ALICE LUSTER SUMMERS, PLAINTIFF-APPELLEE,

v.

CHARLES SUMMERS, DEFENDANT-APPELLANT.



Appeal from the Circuit Court of McLean County; the Hon. FRANK J. GOLLINGS, Judge, presiding. Reversed.

TRAPP, J.

Defendant appeals a judgment entered in favor of plaintiff upon the verdict of a jury in the sum of $12,000.

Count I of the complaint, for personal injuries, in its relevant allegation sets forth that plaintiff was the owner of a certain automobile sedan which was being driven by the defendant along a described rural road, and that, at the time and place described, plaintiff was a "passenger" and not a "guest" within the meaning of § 9-201, chapter 95 1/2 (Ill Rev Stats, 1965). It is further alleged that the defendant negligently drove the automobile in several specified ways, that the plaintiff was in the exercise of ordinary care and caution for her own safety and safety of her property, and that, as a direct and proximate result of defendant's negligence, she suffered personal injuries and the loss of her automobile.

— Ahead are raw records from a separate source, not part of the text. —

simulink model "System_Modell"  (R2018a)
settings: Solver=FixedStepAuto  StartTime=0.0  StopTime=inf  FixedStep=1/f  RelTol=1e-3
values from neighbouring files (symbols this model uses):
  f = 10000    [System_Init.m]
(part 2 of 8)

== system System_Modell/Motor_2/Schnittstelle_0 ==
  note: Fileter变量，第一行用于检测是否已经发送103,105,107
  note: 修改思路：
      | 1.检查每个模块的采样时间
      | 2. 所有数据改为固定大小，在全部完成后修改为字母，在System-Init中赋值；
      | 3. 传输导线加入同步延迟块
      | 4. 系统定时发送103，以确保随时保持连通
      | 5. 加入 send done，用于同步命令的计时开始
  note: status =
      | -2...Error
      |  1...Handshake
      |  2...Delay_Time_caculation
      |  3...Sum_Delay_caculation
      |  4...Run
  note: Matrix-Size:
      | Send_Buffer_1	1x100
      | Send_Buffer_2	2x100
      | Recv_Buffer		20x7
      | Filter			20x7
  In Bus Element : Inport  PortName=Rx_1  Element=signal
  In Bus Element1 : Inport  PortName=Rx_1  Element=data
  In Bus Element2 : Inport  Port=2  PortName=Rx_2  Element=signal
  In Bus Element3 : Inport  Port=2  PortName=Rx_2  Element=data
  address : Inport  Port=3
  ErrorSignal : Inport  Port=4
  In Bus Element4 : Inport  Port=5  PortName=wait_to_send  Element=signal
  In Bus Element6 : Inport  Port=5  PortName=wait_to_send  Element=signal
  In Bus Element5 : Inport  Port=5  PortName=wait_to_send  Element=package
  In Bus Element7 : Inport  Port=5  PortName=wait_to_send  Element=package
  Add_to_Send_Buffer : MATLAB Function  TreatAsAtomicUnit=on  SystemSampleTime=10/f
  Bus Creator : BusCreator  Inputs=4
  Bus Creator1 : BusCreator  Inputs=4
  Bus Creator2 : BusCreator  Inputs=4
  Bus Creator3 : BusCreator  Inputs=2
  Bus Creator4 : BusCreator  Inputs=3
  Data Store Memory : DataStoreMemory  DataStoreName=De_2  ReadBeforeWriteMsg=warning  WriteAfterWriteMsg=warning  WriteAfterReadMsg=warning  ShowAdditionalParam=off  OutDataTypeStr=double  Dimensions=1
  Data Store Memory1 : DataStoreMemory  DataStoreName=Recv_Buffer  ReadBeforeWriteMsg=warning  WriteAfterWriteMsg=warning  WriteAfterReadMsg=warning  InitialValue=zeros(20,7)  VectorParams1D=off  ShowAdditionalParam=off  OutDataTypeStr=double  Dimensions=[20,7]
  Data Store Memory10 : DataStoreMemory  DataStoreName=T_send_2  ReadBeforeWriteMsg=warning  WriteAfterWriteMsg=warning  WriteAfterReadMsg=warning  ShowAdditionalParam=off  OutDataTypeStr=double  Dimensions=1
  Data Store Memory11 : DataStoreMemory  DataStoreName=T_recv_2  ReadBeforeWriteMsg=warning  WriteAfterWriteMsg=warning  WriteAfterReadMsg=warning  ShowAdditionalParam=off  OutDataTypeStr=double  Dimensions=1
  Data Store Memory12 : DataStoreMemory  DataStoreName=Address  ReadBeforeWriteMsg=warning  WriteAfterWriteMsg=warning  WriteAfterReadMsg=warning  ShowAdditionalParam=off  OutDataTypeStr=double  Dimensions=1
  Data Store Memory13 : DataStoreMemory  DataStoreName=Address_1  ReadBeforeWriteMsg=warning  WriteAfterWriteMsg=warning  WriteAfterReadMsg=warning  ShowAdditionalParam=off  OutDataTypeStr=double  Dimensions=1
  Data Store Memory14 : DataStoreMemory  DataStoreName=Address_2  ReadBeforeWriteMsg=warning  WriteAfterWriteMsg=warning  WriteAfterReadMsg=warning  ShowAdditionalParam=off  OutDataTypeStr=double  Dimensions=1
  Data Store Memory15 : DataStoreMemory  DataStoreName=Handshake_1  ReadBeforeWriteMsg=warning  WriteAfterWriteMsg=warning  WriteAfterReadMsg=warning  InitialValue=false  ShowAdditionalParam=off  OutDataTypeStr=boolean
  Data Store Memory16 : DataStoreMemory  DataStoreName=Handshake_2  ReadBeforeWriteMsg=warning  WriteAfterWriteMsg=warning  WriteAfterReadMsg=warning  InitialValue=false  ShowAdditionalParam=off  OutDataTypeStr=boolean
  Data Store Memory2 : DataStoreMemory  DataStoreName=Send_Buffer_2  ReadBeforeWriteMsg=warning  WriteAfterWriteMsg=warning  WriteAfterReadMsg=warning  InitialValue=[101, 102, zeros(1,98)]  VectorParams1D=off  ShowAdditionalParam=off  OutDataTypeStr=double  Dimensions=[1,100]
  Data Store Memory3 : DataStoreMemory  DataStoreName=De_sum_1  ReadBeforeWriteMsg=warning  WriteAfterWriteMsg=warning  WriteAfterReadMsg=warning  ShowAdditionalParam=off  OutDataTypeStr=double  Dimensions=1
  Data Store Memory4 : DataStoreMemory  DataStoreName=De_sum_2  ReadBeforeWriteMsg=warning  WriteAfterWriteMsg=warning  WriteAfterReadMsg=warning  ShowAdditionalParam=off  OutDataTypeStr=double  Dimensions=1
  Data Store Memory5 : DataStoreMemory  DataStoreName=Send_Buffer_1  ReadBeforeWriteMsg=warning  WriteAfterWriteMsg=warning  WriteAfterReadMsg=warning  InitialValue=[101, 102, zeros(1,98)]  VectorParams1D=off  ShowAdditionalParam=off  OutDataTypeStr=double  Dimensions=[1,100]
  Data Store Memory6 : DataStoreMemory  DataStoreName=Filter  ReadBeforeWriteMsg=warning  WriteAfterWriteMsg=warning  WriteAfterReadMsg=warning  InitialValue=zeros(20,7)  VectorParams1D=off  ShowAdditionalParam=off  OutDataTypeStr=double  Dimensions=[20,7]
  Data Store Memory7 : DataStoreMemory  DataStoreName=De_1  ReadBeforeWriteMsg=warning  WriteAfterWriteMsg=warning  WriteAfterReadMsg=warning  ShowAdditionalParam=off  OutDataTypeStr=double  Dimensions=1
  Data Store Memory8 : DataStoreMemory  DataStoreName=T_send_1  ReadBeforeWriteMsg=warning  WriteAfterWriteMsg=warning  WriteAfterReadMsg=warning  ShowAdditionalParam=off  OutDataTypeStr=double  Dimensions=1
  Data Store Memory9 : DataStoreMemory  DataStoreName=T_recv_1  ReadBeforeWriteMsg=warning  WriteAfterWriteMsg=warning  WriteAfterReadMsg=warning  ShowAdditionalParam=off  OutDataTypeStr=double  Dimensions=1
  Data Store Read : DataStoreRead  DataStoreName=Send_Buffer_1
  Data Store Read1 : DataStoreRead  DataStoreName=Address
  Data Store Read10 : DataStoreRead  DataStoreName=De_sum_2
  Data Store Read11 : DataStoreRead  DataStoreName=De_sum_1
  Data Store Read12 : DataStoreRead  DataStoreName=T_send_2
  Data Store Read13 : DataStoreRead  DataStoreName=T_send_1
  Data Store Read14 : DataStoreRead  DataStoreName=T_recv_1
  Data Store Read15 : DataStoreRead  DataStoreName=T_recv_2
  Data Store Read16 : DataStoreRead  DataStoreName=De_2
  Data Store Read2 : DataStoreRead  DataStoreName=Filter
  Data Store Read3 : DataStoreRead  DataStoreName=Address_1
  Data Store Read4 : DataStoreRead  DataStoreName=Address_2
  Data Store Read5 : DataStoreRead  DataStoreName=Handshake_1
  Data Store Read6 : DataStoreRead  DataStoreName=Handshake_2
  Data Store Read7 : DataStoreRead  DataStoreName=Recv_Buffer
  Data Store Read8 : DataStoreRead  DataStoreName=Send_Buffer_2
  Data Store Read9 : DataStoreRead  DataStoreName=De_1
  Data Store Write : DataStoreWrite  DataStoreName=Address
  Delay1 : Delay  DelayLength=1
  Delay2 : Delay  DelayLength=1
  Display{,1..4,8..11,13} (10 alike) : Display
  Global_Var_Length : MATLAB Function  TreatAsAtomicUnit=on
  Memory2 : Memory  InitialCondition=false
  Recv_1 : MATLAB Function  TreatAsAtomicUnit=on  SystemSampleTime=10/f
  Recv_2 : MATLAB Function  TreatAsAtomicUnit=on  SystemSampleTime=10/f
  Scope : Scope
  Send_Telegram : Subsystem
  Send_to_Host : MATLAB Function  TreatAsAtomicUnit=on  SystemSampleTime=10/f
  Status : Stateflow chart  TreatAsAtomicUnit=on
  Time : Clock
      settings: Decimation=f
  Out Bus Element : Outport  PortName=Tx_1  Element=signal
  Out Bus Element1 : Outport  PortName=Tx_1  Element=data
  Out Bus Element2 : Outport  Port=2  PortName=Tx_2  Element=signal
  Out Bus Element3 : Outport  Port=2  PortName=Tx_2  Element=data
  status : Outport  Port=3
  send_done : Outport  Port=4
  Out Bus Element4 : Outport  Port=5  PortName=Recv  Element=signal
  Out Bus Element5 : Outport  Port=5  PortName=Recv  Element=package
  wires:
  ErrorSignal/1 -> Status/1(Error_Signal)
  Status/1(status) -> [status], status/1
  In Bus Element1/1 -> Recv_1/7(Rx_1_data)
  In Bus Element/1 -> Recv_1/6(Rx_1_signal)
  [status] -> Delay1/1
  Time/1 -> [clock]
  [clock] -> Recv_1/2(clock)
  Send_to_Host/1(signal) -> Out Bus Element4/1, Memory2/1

Count II of the complaint alleging wilful and wanton ligence on the part of the defendant was dismissed prior to trial.

The trial court denied defendant's motions to dismiss Count I directed to the propositions that the owner-occupant of an automobile has no right of action against the driver thereof for negligence, and also that the Count failed to allege that the plaintiff had contracted away and abandoned her right to control of the automobile.

Defendant's answer affirmatively set forth the same matters as that stated in the motion to dismiss.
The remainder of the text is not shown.